Stay Alive — Colorado Summer Mountain Safety

Post by blogger | June 7, 2018      
From Maroon Lake, the face drops down—right side of the frame above—through tiers of cliffs that seemingly guard any possibility of sane ski…but there is a line and it goes.

One of our ‘local’ peaks, Maroon Bells, where tragic accidents are all too common.

We published this a short time ago, thought I’d bring it to the front one more time as a public service.

We have a problem here in Colorado with people not treating our mountains (especially the “14ers”) with due respect. Consequently, we had a tragic summer last year with numerous climbers’ deaths.

What is respect? The list is long. In my opinion “respect” means learning the craft of alpine climbing in reasonable increments, and including a broad scope in your concept of “craft.” It’s not about slipping on a pair of running shoes and firing up your GoPro; peak climbing is so much more…
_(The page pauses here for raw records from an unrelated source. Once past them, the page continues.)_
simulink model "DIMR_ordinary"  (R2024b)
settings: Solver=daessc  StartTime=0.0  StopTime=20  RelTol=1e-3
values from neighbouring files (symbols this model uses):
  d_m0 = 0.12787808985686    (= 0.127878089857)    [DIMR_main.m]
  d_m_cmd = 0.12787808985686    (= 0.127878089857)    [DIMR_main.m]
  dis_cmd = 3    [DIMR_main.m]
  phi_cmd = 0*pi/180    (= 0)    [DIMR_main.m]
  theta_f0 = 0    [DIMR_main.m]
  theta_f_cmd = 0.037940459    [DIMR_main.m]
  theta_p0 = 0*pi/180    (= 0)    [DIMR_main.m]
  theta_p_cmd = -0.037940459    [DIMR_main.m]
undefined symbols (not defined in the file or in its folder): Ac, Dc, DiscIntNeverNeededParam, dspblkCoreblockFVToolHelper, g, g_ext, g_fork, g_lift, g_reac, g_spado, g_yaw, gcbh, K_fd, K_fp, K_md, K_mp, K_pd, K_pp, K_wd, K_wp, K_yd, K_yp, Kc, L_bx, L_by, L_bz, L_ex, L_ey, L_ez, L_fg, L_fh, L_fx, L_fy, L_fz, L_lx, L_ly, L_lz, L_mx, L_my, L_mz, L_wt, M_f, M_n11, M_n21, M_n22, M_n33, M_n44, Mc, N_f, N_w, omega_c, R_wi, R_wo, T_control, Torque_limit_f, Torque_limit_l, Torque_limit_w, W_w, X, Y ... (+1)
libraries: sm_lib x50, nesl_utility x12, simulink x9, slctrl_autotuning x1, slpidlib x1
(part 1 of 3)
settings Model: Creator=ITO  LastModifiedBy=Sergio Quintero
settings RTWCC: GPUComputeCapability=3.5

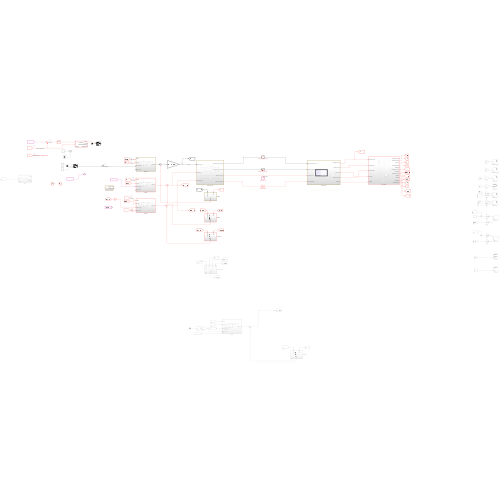
[thumbnail: Simulink's stored preview of the top-level diagram]
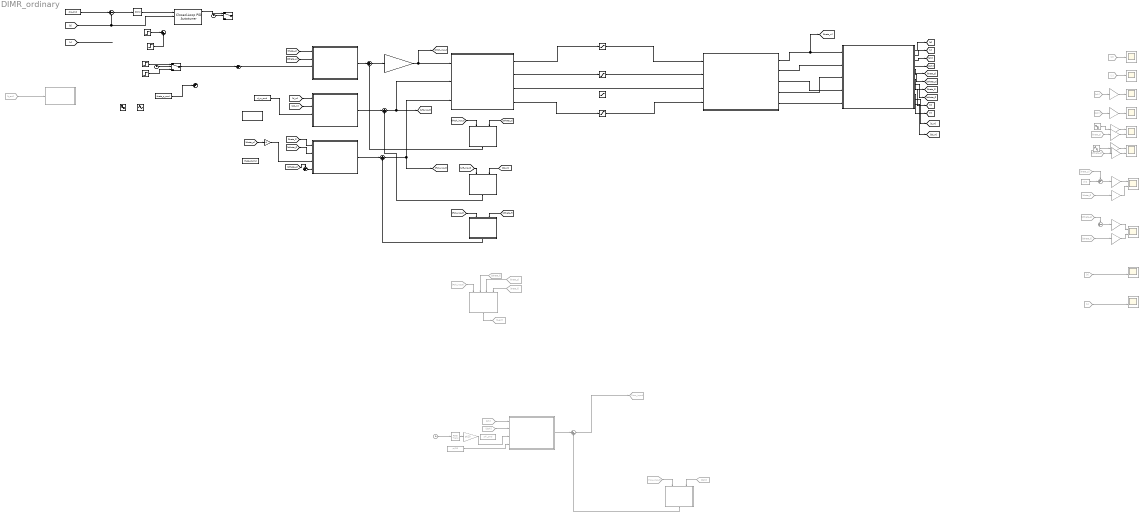
== system DIMR_ordinary ==
  Calc_states : Subsystem
  Clock : Clock  Commented=on
  Clock1 : Clock
  Clock2 : Clock
  Closed-Loop PID Autotuner : slctrl_autotuning/Closed-Loop PID Autotuner  PIDType=PD  PIDForm=Parallel  TimeDomain=discrete-time  DiscreteTs=T_control  TuningTs=0.2  UseTuningTs=off  IntegratorFormula=Forward Euler  FilterFormula=Forward Euler  ContinuousTs=0.02  Bandwidth=1  UseExternalWC=off  TargetPM=60  UseExternalPM=off  UseExternalAchievedPM=on  ExperimentMode=Superposition  PlantType=Stable  PlantSign=Positive  AmpSine=0.05  UseExternalAmpSine=off  UseExternalFRD=off  UseExternalU0=off  UseCompanion=off  NotDeployTuningModule=off  UsePLCCoder=off  OutputMode=control action + perturbation  BlockDataType=double  UseConnectedPID=on  blockpath=[]  tunedP=0  tunedI=0  tunedD=0  tunedN=100  tunedPM=0  EstimationWindowSize=3  UseExternalTuningParams=off  SingleMultiRateVariant=SingleSamplingRate  NumEstimationPeriods=4  NumSettlingPeriods=2  NumOfPRBSPeriod=1  PRBSSignalOrder=12  ExperimentModeVariant=VariantSuperimposed  OutputChoice=VariantCandD  ConvergenceCalcVariant=ConvSuperpositionPRBSVariant
      settings: LibrarySourceBlock=slctrlblks/Autotuning/Closed-Loop PID Autotuner
  Constant : Constant  Value=theta_p_cmd
  Constant1 : Constant  Commented=on  Value=phi_cmd
  Constant2 : Constant  Value=theta_f_cmd
  Constant3 : Constant  Commented=on  Value=pi/2
  Constant4 : Constant  Commented=on  Value=pi/20
  Constant5 : Constant  Value=d_m_cmd
  Constant6 : Constant  Value=dis_cmd
  Fork DOB : Subsystem
  Fork PD : Subsystem
  Fork position : Scope  Commented=on  NumInputPorts=2
  Fork velocity : Scope  Commented=on  NumInputPorts=2
  From1 : From  Commented=on  GotoTag=dphi
  From10 : From  Commented=on  GotoTag=Yaw_input
  From14 : From  Commented=on  GotoTag=d
  From15 : From  Commented=on  GotoTag=v
  From16 : From  Commented=on  GotoTag=phi
  From17 : From  Commented=on  GotoTag=dphi
  From18 : From  Commented=on  GotoTag=theta_p
  From19 : From  Commented=on  GotoTag=dtheta_p
  From20 : From  Commented=on  GotoTag=theta_f
  From21 : From  Commented=on  GotoTag=dtheta_f
  From22 : From  Commented=on  GotoTag=theta_p
  From23 : From  Commented=on  GotoTag=dtheta_p
  From24 : From  Commented=on  GotoTag=X
  From25 : From  Commented=on  GotoTag=Y
  From31 : From  Commented=on  GotoTag=dtheta_f
  From32 : From  Commented=on  GotoTag=Fork_input
  From33 : From  Commented=on  GotoTag=t_ext
  From34 : From  Commented=on  GotoTag=theta_p
  From35 : From  Commented=on  GotoTag=theta_f
  From5 : From  Commented=on  GotoTag=phi
  From6 : From  Commented=on  GotoTag=dphi
  Gain : Gain  Gain=-M_n11/(M_n21+M_n11)
  Gain{1..8,10..11} (10 alike) : Gain  Commented=on  Gain=180/pi
  Gain12 : Gain  Gain=-1
  Gain9 : Gain  Commented=on  Gain=pi/20
  Goto11 : Goto  Commented=on  GotoTag=Yaw_input
  Goto17 : Goto  Commented=on  GotoTag=t_ext
  Lift DOB : Subsystem
  Lift PD : Subsystem
  Lift movement profile : Subsystem
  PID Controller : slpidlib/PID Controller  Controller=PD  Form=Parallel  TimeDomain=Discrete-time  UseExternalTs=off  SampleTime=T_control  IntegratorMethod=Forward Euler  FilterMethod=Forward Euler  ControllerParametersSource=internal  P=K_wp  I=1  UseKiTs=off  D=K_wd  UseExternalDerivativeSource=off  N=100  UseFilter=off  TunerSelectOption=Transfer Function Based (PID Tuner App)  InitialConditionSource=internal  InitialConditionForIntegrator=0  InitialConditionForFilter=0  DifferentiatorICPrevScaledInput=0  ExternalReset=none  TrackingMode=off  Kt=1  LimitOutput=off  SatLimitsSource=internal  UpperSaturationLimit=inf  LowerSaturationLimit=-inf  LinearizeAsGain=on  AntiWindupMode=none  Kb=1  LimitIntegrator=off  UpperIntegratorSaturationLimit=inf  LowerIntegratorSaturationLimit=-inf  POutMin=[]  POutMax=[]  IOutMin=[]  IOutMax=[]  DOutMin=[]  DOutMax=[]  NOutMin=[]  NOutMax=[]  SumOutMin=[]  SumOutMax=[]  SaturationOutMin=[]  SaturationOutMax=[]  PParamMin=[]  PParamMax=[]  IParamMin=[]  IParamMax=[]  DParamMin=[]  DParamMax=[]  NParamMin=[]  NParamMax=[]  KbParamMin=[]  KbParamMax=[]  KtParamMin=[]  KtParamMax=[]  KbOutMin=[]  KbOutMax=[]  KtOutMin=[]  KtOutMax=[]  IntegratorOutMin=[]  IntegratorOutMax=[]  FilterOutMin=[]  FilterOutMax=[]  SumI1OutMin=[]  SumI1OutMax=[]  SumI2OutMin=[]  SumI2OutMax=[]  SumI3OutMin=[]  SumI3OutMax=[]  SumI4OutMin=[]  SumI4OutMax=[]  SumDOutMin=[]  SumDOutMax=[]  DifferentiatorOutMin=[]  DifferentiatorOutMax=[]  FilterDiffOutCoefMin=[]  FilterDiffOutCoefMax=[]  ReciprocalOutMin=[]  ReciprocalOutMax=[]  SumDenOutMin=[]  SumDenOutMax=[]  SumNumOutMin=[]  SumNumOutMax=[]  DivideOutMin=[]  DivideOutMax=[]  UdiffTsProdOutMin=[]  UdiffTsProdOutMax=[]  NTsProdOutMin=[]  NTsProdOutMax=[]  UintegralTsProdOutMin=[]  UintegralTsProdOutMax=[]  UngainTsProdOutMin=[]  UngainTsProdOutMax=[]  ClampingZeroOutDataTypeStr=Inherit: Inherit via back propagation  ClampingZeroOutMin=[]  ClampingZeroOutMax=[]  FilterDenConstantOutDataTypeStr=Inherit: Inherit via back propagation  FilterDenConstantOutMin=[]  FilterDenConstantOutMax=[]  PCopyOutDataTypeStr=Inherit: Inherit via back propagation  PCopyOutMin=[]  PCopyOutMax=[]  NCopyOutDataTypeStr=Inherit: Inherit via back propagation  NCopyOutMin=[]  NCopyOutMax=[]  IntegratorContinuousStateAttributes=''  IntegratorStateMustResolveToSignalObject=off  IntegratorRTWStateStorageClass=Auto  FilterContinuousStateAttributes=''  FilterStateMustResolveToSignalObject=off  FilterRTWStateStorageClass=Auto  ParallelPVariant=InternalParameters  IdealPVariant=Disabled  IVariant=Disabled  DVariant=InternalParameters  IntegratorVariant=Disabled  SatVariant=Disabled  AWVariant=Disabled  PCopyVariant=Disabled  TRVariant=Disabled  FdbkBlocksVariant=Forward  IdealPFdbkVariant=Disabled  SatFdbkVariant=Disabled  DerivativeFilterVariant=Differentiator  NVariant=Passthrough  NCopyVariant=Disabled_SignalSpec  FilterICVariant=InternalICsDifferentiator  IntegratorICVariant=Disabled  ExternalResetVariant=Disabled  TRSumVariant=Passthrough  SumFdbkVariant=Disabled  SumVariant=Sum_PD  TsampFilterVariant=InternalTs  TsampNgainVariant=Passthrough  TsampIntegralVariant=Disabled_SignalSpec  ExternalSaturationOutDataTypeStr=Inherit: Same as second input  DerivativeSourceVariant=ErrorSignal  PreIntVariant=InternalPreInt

Examples: Learn how to use your GPS app effectively when you don’t have a data connection; learn first aid; learn to start a one-match fire with damp wood; learn how to effectively contact authorities during an emergency. More, plan a gradual escalation in your climbing goals. Gradation is the only way you’ll learn how to move and navigate on steep sometimes loose terrain, where route choices of mere yards (and sometimes inches!) can mean the difference between life and death.

There is no substitute for real world experience in learning the actual act of climbing, thus the need to increment in difficulty (and perhaps climb with guides or experienced friends). But the intellectual side of the equation can be solved by taking courses, attending seminars, and reading more than glorified success stories on social media. To that end, a variety of our Colorado public and private entities are kicking of an “awareness campaign” that’ll target Colorado peak climbers.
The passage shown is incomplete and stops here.